TO DO:
Until you reach the line containing "line L2 (0.725, -0.45) -> (1.5475, -0.45)", reproduce each line of the listing exactly, please, and include that line as well.

Top of SUPPLIED RECORDS

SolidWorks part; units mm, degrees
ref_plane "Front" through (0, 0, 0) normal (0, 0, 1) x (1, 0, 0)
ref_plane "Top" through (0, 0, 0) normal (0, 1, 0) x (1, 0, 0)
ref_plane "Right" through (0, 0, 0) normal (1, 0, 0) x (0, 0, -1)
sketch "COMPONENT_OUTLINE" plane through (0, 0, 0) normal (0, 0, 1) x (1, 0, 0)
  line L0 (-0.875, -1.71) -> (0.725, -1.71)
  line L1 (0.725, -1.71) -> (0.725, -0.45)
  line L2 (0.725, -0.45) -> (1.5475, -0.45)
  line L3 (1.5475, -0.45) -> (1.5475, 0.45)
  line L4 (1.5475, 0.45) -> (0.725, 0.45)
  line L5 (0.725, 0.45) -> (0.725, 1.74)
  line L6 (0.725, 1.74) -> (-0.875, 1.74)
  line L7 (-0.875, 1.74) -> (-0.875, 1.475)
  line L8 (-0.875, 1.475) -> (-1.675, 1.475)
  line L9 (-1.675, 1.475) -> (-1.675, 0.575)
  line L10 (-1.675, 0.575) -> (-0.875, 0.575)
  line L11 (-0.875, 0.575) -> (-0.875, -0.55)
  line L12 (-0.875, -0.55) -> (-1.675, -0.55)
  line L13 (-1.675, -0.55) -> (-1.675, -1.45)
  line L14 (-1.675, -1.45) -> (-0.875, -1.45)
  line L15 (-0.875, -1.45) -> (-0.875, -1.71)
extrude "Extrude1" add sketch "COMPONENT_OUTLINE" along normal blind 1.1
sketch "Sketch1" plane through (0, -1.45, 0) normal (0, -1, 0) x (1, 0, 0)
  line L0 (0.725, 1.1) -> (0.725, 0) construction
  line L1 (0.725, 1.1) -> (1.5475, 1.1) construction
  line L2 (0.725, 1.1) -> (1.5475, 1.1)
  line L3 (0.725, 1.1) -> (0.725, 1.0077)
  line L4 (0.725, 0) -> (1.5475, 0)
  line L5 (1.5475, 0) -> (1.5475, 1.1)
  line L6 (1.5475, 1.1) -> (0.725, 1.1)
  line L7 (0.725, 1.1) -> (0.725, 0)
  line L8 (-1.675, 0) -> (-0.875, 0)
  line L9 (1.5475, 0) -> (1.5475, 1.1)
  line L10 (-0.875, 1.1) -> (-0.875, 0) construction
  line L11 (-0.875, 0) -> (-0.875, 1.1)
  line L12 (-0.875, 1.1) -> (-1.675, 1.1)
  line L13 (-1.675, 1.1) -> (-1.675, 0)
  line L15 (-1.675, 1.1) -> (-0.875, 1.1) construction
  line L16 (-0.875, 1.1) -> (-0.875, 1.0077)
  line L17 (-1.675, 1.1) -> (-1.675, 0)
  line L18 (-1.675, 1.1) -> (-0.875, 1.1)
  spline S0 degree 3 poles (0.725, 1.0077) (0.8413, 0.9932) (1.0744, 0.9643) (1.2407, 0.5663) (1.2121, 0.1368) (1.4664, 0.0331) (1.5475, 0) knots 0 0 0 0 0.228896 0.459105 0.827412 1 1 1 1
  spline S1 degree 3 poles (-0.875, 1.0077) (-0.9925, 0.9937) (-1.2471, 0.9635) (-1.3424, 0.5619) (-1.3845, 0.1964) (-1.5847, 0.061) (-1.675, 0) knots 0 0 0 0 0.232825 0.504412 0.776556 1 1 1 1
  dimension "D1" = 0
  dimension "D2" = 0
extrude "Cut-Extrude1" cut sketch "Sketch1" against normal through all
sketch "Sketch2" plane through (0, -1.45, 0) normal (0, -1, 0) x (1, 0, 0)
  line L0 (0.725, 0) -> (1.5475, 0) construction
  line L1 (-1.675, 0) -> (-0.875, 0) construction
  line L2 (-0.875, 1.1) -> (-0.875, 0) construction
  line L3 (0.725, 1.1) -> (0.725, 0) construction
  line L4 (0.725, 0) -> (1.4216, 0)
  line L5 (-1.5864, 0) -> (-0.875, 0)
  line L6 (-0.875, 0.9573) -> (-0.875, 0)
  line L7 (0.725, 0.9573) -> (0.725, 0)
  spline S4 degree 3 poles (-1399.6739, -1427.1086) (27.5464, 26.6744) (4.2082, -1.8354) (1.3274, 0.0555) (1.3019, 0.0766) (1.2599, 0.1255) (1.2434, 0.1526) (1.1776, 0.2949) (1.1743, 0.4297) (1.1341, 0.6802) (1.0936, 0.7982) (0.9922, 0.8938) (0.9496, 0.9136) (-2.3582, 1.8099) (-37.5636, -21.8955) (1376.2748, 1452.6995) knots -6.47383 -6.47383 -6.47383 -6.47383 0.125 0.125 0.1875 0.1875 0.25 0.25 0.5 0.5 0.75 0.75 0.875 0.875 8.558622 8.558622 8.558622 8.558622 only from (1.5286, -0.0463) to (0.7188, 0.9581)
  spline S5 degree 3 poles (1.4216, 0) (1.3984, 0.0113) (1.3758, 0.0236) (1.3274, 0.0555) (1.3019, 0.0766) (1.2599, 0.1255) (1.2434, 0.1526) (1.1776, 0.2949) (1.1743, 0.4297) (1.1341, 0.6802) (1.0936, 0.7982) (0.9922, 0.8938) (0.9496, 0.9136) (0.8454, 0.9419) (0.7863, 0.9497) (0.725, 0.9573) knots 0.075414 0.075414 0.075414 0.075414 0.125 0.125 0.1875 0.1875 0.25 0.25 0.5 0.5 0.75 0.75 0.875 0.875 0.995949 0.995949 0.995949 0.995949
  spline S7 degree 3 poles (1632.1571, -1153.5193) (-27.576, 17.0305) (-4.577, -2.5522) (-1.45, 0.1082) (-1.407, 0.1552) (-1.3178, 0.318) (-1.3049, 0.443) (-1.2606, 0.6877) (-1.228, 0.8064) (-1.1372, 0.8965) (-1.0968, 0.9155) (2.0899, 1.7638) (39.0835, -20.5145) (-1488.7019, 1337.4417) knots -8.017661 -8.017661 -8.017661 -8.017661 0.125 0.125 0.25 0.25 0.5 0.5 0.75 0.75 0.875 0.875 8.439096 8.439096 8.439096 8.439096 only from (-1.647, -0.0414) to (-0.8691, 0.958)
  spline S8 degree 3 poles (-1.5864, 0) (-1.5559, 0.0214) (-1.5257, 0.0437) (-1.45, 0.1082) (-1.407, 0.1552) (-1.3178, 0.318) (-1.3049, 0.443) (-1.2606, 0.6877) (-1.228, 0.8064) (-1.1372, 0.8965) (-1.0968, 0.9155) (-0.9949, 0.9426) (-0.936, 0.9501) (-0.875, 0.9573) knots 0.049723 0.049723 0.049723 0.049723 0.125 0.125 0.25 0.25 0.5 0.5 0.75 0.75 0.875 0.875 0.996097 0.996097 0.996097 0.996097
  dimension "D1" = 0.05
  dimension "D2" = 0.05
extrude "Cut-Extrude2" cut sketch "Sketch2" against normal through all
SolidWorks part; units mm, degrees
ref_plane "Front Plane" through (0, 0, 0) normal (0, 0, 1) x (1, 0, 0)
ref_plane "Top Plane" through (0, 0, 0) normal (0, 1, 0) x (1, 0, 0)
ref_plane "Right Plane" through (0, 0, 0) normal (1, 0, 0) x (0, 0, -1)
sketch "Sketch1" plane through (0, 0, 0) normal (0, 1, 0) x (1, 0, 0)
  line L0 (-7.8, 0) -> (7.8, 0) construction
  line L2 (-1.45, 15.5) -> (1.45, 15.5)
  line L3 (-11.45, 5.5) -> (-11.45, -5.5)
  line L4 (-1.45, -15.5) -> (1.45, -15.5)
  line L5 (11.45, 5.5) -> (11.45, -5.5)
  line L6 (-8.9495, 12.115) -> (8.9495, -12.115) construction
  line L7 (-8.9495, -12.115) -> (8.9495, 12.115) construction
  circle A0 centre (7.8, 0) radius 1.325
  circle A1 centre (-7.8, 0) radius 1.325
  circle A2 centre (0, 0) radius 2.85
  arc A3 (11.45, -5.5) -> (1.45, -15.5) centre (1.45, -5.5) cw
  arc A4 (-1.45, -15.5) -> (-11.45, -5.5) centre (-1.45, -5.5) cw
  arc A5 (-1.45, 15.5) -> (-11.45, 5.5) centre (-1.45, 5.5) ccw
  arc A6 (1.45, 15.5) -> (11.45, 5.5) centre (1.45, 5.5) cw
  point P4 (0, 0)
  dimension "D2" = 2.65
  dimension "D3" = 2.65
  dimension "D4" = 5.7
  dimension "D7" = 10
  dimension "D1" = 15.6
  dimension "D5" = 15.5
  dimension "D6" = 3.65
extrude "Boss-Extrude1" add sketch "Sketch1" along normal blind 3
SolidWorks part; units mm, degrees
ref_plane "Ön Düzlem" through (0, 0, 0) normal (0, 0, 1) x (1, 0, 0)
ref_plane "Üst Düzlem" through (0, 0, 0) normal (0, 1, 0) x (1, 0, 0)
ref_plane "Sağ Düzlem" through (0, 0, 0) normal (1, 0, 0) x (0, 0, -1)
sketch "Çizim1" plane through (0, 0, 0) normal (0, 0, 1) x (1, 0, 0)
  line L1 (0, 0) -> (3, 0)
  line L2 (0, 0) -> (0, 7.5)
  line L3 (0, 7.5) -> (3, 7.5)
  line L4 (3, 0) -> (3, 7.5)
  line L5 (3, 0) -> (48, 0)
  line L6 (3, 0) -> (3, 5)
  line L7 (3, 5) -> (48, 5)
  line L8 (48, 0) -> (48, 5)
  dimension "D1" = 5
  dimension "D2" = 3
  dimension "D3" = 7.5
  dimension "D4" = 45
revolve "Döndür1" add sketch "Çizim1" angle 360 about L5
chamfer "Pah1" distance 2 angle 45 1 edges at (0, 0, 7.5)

Bottom of SUPPLIED RECORDS

RESPONSE AREA:
SolidWorks part; units mm, degrees
ref_plane "Front" through (0, 0, 0) normal (0, 0, 1) x (1, 0, 0)
ref_plane "Top" through (0, 0, 0) normal (0, 1, 0) x (1, 0, 0)
ref_plane "Right" through (0, 0, 0) normal (1, 0, 0) x (0, 0, -1)
sketch "COMPONENT_OUTLINE" plane through (0, 0, 0) normal (0, 0, 1) x (1, 0, 0)
  line L0 (-0.875, -1.71) -> (0.725, -1.71)
  line L1 (0.725, -1.71) -> (0.725, -0.45)
  line L2 (0.725, -0.45) -> (1.5475, -0.45)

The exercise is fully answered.